Updated June 03, 2009

For years, physicians have suspected that mental health and headaches have a close connection. Research is beginning to show that many people who suffer from various types of mental illness will also have headaches or migraines. It can be quite frustrating to deal with pain and depression at the same time since often it seems that the situation has a kind of “chicken and egg” type quality. Whatever your specific circumstances, know that mental illness can affect the way you feel pain, especially headaches. Consider the following three examples.


Many people with depression report experiencing physical symptoms such as fatigue, sleep disturbances, and insomnia. Headaches and other types of chronic pain are frequent complaints as well. It is thought that tension-type headaches most commonly accompany depression, although depressed individuals can suffer from migraines or other types of headaches as well. When possible, your healthcare provider will try to select a medication or treatment that can address both the depression and headaches. Commonly used medications include the tricyclic antidepressants, like Elavil, or selective serotonin reuptake inhibitors (SSRIs) such as Paxil or Zoloft.

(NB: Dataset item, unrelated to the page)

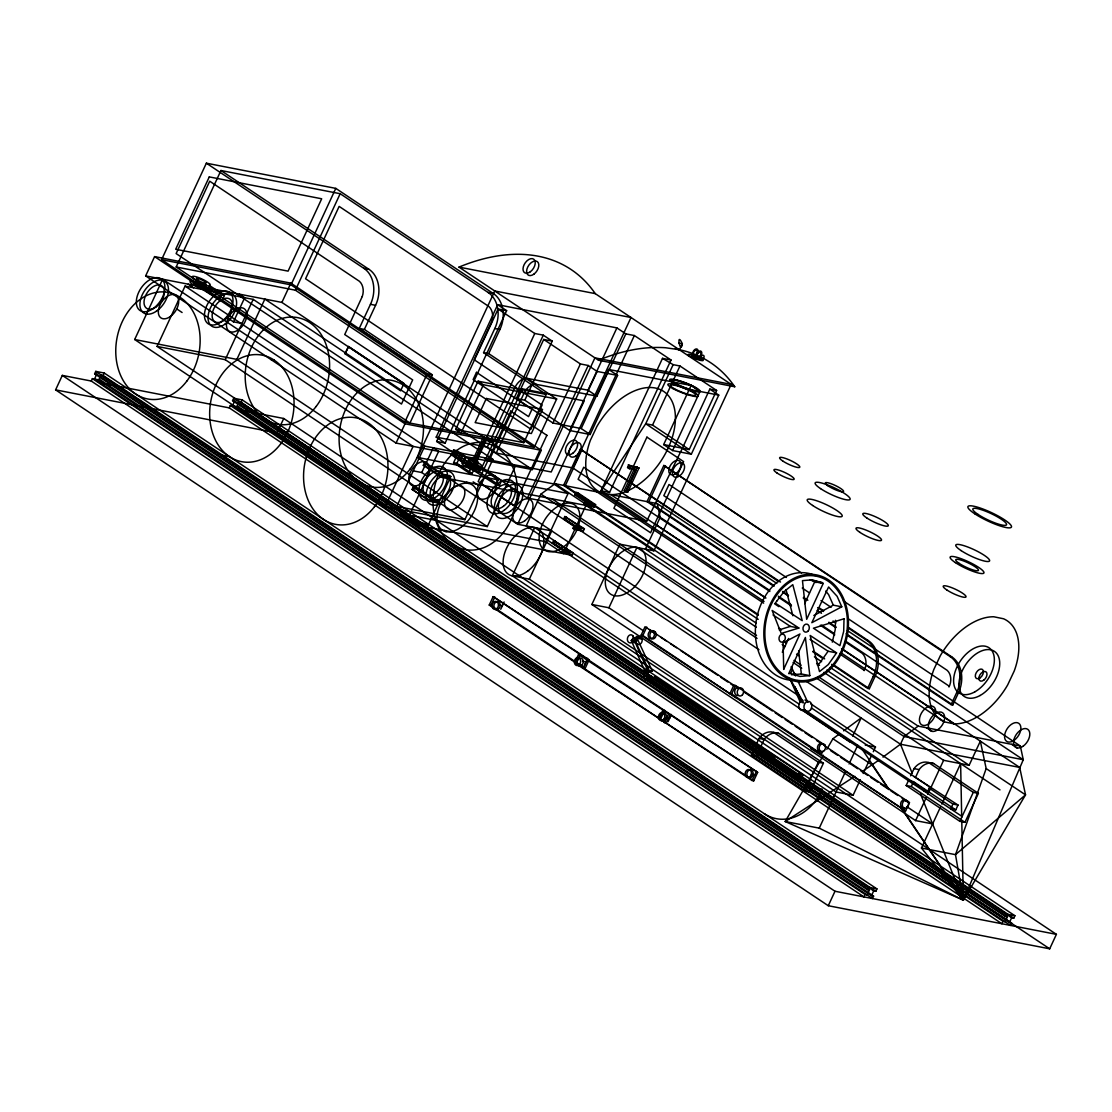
<?xml version="1.0" encoding="UTF-8"?>
<svg xmlns="http://www.w3.org/2000/svg" width="1112" height="1112" viewBox="0 0 1112 1112"><rect width="100%" height="100%" fill="white"/><g stroke="black" fill="none" stroke-linecap="round" stroke-linejoin="round"><path stroke-width="1.5" d="M835.459 620.301L835.209 629.753L832.304 642.138M818.418 676.735L943.601 760.302L969.136 765.278L980.339 741.148L986.177 768.587L955.5 854.655L963.353 900.178L785.197 821.518L823.353 755.312M691.455 356.062L696.126 356.827L697.905 352.129A3.711 2.293 -61.2 0 0 696.682 348.959A3.711 2.293 -61.2 0 0 693.29 351.378L691.455 356.062L695.195 358.106L699.865 358.87L701.644 354.186A3.711 2.293 -61.2 0 0 700.407 351.003A3.711 2.293 -61.2 0 0 697.029 353.421L695.195 358.106M948.981 687.007L949.843 684.95A12.566 9.66 -79 0 0 947.118 670.3L843.369 600.897M864.149 670.647L865.039 668.548A13.08 10.05 -79 0 0 862.203 653.3L844.856 641.582M847.441 630.587L1020.343 746.013L1023.262 759.732L963.353 900.178L819.252 828.148L785.197 821.518L854.836 776.329M500.747 609.237L504.111 601.995M584.245 665.532L587.609 658.29M668.076 721.688L671.439 714.46M782.292 652.257L788.644 638.469M804.671 603.635L814.721 581.798L810.245 579.852M783.626 669.424L799.945 633.979L783.07 642.847L783.724 669.215M823.2 583.439L806.687 619.314L802.461 580.631L812.385 579.825L823.2 583.439L814.721 581.798M873.587 896.133L100.9 380.276L99.788 382.695L229.225 407.882L230.337 405.477L1003.024 921.32L1005.151 921.737L1007.389 916.913L234.701 401.057L232.464 405.88L1010.419 925.392L1011.531 922.988L238.858 407.131L237.732 409.536L283.727 418.487L1056.4 934.344L1049.686 948.814L828.273 905.724L55.6 389.867L62.314 375.397L91.267 381.041L863.954 896.884L865.067 894.479L867.193 894.896L869.431 890.073L96.758 374.216L94.631 373.799L95.743 371.38L104.264 373.048L876.937 888.905L875.825 891.31L873.698 890.893L101.011 375.036L98.773 379.859L871.461 895.716L873.587 896.133L872.461 898.552L94.52 379.039L96.758 374.216M91.267 381.041L92.393 378.622L100.9 380.276M145.644 275.901L154.596 256.608L290.844 283.129L541.252 450.304L532.3 469.598L396.053 443.076L145.644 275.901L281.892 302.422L532.3 469.598M101.011 375.036L103.138 375.453L104.264 373.048M488.696 353.63L556.653 399.013L534.26 447.246L404.837 422.06L161.587 259.666L206.359 163.186L335.796 188.373L493.2 293.457A26.66 20.489 -79 0 1 499.886 329.513L488.696 353.63L483.581 352.643L494.784 328.526A26.66 20.489 -79 0 0 488.085 292.456L340.175 193.71L220.954 170.511L176.182 266.991L409.939 423.046L432.332 374.813L364.361 329.444L359.259 328.443L370.449 304.327A26.66 20.489 -79 0 0 363.763 268.27L206.359 163.186M134.677 339.521L162.672 279.223L413.08 446.398L385.086 506.697L134.677 339.521L236.87 359.398L487.278 526.574L515.259 466.275L264.851 299.1L236.87 359.398M157.084 346.416L185.065 286.118L253.188 299.378L492.866 459.381L464.872 519.679L396.748 506.419L157.084 346.416L225.208 359.676L464.872 519.679M203.565 289.481L205.803 284.658L203.788 283.977A9.897 1.946 24.9 0 1 192.279 277.069A9.897 1.946 24.9 0 1 201.814 278.931A9.897 1.946 24.9 0 1 210.001 285.186L206.971 290.135L207.763 290.01A9.897 1.946 24.9 0 0 201.119 284.491A9.897 1.946 24.9 0 0 190.235 281.253L189.985 281.683A9.897 1.946 24.9 0 0 201.55 288.8L218.772 299.628L222.178 300.282L224.415 295.458L209.209 285.311M218.772 299.628L221.01 294.805L224.415 295.458M228.113 318.254L233.478 321.841L244.682 297.724L239.316 294.138M225.208 359.676L253.188 299.378M1007.389 916.913L1005.262 916.496L232.575 400.654L233.701 398.235L242.221 399.889L1014.895 915.746L1013.769 918.164L1011.642 917.747L238.969 401.891L236.731 406.714L1009.404 922.571L1011.531 922.988M281.892 302.422L290.844 283.129M161.587 259.666L291.01 284.853L335.796 188.373M238.969 401.891L241.095 402.308L242.221 399.889M176.182 266.991L295.389 290.19L340.175 193.71M55.6 389.867L276.999 432.957L283.727 418.487M345.151 353.783L348.515 346.541L403.962 383.557L400.598 390.798L344.984 353.755L348.515 346.541M364.361 329.444L375.564 305.313A26.66 20.489 -79 0 0 368.864 269.257L220.954 170.511M404.837 422.06L427.216 373.827L432.332 374.813M396.053 443.076L405.004 423.783L541.252 450.304M417.514 457.407L494.757 290.983L631.004 317.504L553.762 483.928L417.514 457.407L442.228 473.976L450.819 476.492L427.314 527.144L402.03 511.131L400.918 513.549L418.793 525.49L572.082 555.319L573.194 552.9L553.609 540.627L552.483 543.045L568.579 553.79L569.705 551.385L553.609 540.627M396.748 506.419L424.742 446.12L457.199 452.445L454.961 457.268L458.255 457.908L460.493 453.084L492.866 459.381M497.676 304.702L506.627 310.679L445.147 443.104L436.21 437.127L497.676 304.702L616.896 327.901L625.834 333.878L634.354 335.532L671.022 360.01L609.543 492.449L601.036 490.781L662.502 358.356L671.022 360.01M412.107 489.419L429.913 500.497L438.503 503.027L429.997 501.359L412.107 489.419L413.233 487.014L431.025 498.093L439.629 500.608L431.108 498.954L413.233 487.014M423.297 465.302L424.423 462.898L426.132 463.217L425.006 465.636L423.297 465.302L441.186 477.243L594.461 507.072L595.587 504.667L577.698 492.727L576.002 492.394L574.876 494.798L590.972 505.557L592.098 503.138L576.002 492.394M400.918 513.549L402.613 513.869L403.739 511.464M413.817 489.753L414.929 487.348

Post-Traumatic Stress Disorder

Research shows that when headache sufferers also have PTSD, they tend to have a higher degree of disability than those without PTSD. In patients with migraines and depression, PTSD occurs at a higher rate in patients with chronic daily headaches (CDH) than in those with episodic migraines (EM). Given the prevalence of PTSD and its co-occurrence with headaches, it is important to raise our awareness of this connection to better treat both conditions.

Bipolar Disorder

Bipolar disorder is a condition that consists of both periods of depression and mania. Studies have shown that people with bipolar disorder are commonly affected by headaches, especially migraines. Typical migraine treatments are usually effective in patients with Bipolar disorder.

Treatment Considerations

As always, special care is necessary when considering treatments for mental disorders due to drug interactions. Imitrex, one of the “triptans,” can contribute to the development of Serotonin Syndrome when combined with one of the SSRIs, for example. Your healthcare provider can best determine what treatment protocol is best for you.

Sometimes it is difficult to identify all the underlying causes of headaches. Hopefully you and your healthcare provider can examine your headache symptoms and determine the best treatment course for you. In the end, it can be helpful to know that you are not alone in your suffering, and that maybe that pharmaceutical company is right: Depression hurts.


Fasmer, Ole Bernt, M.D., et al. Are Migraines and Bipolar Disorder Related? Psychiatric Times. Vol. 19 No. 8.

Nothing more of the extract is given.